Gurgeh tomó otro sorbo del potente licor.

–Deja que te dé algunos consejos –dijo Za, y le rozó el brazo con la mano–. No hagas ninguna apuesta. Y cuidado con las mujeres..., o los hombres, o las dos cosas, o lo que sea que te pone en marcha. Si no tienes cuidado podrías meterte en algunas situaciones muy desagradables. Supongo que te habrás hecho el propósito de no mantener relaciones sexuales, pero aun así... Bueno, algunos de ellos –las mujeres sobre todo– se mueren de ganas por averiguar lo que tienes entre las piernas, y se toman ese tipo de cosas ridículamente en serio, créeme. Si quieres tomar parte en algún pequeño torneo corporal dímelo. Tengo contactos y puedo conseguirte una sesión discreta y de lo más agradable. Discreción absoluta y el secreto más completo totalmente garantizados... Pregúntale a cualquiera. –Se rió, volvió a poner la mano sobre el brazo de Gurgeh y se puso muy serio–. No bromeo –dijo–. Si necesitas algo..., puedo proporcionártelo.

–Intentaré no olvidarlo –dijo Gurgeh, y tomó otro sorbo de
grif
–. Gracias por la advertencia.

–Oh, ha sido un placer. Llevo aquí ocho..., no, ya son nueve años. La enviada anterior sólo duró veinte días. La echaron a patadas por haber mantenido relaciones carnales con la esposa de un ministro. –Za meneó la cabeza y dejó escapar una risita–. No me malinterpretes, cuidado. Yo también admiro su estilo, pero... ¡Mierda, nada menos que un ministro! –dijo–. Esa puta debía estar loca y tuvo suerte de que se conformaran con expulsarla. Si hubiera nacido en Azad le habrían repasado los orificios con sanguijuelas ácidas antes de que la puerta de la prisión se cerrara a su espalda. Me basta con pensar en ello para sentir deseos de cruzar las piernas.

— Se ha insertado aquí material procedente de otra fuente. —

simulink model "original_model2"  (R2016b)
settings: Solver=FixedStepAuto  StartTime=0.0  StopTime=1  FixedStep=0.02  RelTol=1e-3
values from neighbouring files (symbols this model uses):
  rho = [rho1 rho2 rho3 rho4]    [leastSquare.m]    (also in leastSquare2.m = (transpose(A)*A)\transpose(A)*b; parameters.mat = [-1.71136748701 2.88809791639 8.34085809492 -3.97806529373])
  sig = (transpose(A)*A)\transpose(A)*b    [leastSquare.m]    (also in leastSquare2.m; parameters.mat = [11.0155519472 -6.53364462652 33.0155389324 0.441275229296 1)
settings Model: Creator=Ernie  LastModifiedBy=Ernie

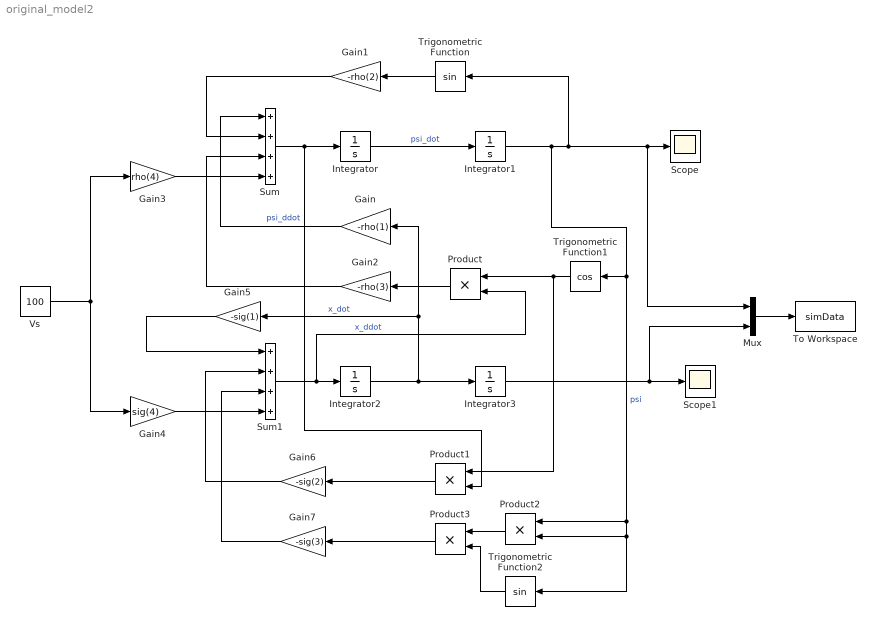
== system original_model2 ==
  Gain : Gain  Gain=-rho(1)
  Gain1 : Gain  Gain=-rho(2)
  Gain2 : Gain  Gain=-rho(3)
  Gain3 : Gain  Gain=rho(4)
  Gain4 : Gain  Gain=sig(4)
  Gain5 : Gain  Gain=-sig(1)
  Gain6 : Gain  Gain=-sig(2)
  Gain7 : Gain  Gain=-sig(3)
  Integrator{,1..3} (4 alike) : Integrator
  Mux : Mux  Inputs=2
  Product{,1..3} (4 alike) : Product
  Scope : Scope
  Scope1 : Scope
  Sum : Sum  Inputs=++++
  Sum1 : Sum  Inputs=++++
  To Workspace : ToWorkspace  VariableName=simData  SaveFormat=Timeseries  SampleTime=-1
  Trigonometric Function : Trigonometry
  Trigonometric Function1 : Trigonometry  Operator=cos
  Trigonometric Function2 : Trigonometry
  Vs : Constant  Value=100
  wires:
  Integrator/1 -> Integrator1/1  "psi_dot"
  Integrator2/1 -> Gain5/1, Gain/1, Integrator3/1  "x_dot"
  Sum1/1 -> Product/2, Integrator2/1  "x_ddot"
  Sum/1 -> Product1/2, Integrator/1  "psi_ddot"
  Gain/1 -> Sum/1
  Trigonometric Function/1 -> Gain1/1
  Integrator1/1 -> Trigonometric Function2/1, Product2/2, Product2/1, Trigonometric Function1/1, Mux/1, Scope/1, Trigonometric Function/1  "psi"
  Gain1/1 -> Sum/2
  Product/1 -> Gain2/1
  Trigonometric Function1/1 -> Product1/1, Product/1
  Gain2/1 -> Sum/3
  Gain3/1 -> Sum/4
  Vs/1 -> Gain4/1, Gain3/1
  Gain4/1 -> Sum1/4
  Gain5/1 -> Sum1/1
  Product1/1 -> Gain6/1
  Gain6/1 -> Sum1/2
  Product2/1 -> Product3/1
  Trigonometric Function2/1 -> Product3/2
  Product3/1 -> Gain7/1
  Gain7/1 -> Sum1/3
  Integrator3/1 -> Mux/2, Scope1/1
  Mux/1 -> To Workspace/1

Antes de que Gurgeh pudiera replicar o Za seguir hablando oyeron un terrible estruendo procedente del inicio de la gran escalinata, un ruido bastante parecido al que podrían hacer miles de botellas rompiéndose al mismo tiempo. El gran salón vibró con los ecos.

–Maldición, es el Emperador... –dijo Za, y se puso en pie. Movió la cabeza señalando la jarrita de Gurgeh–. ¡Bebe, hombre!

Gurgeh se puso en pie lentamente y colocó la jarrita entre los dedos de Za.

–Acábala. Creo que sabrás apreciarlo más que yo.

Za volvió a poner el corcho en su sitio e hizo desaparecer la jarrita entre los pliegues de su túnica.

El inicio de la escalinata se había convertido en un hervidero de actividad. El gentío que llenaba la gran sala había empezado a moverse y estaba formando una especie de pasillo humano que iba desde el final de la escalinata hasta un trono inmenso colocado sobre un estrado de poca altura protegido por un dosel dorado.

–Será mejor que ocupes tu sitio –dijo Za.

Alargó la mano para volver a cogerle por la muñeca, pero Gurgeh levantó el brazo bruscamente para alisarse la barba y los dedos de Za se cerraron sobre el aire.

Gurgeh movió la cabeza señalando hacia adelante.

–Después de ti –dijo.

Za le guiñó el ojo, se puso en movimiento y le precedió a través de la multitud. Los dos se colocaron detrás del grupo de invitados que estaba delante del trono.

–Aquí tienes a tu chico, Pequil –dijo Za volviéndose hacia el ápice, que parecía muy preocupado, y se alejó un par de pasos.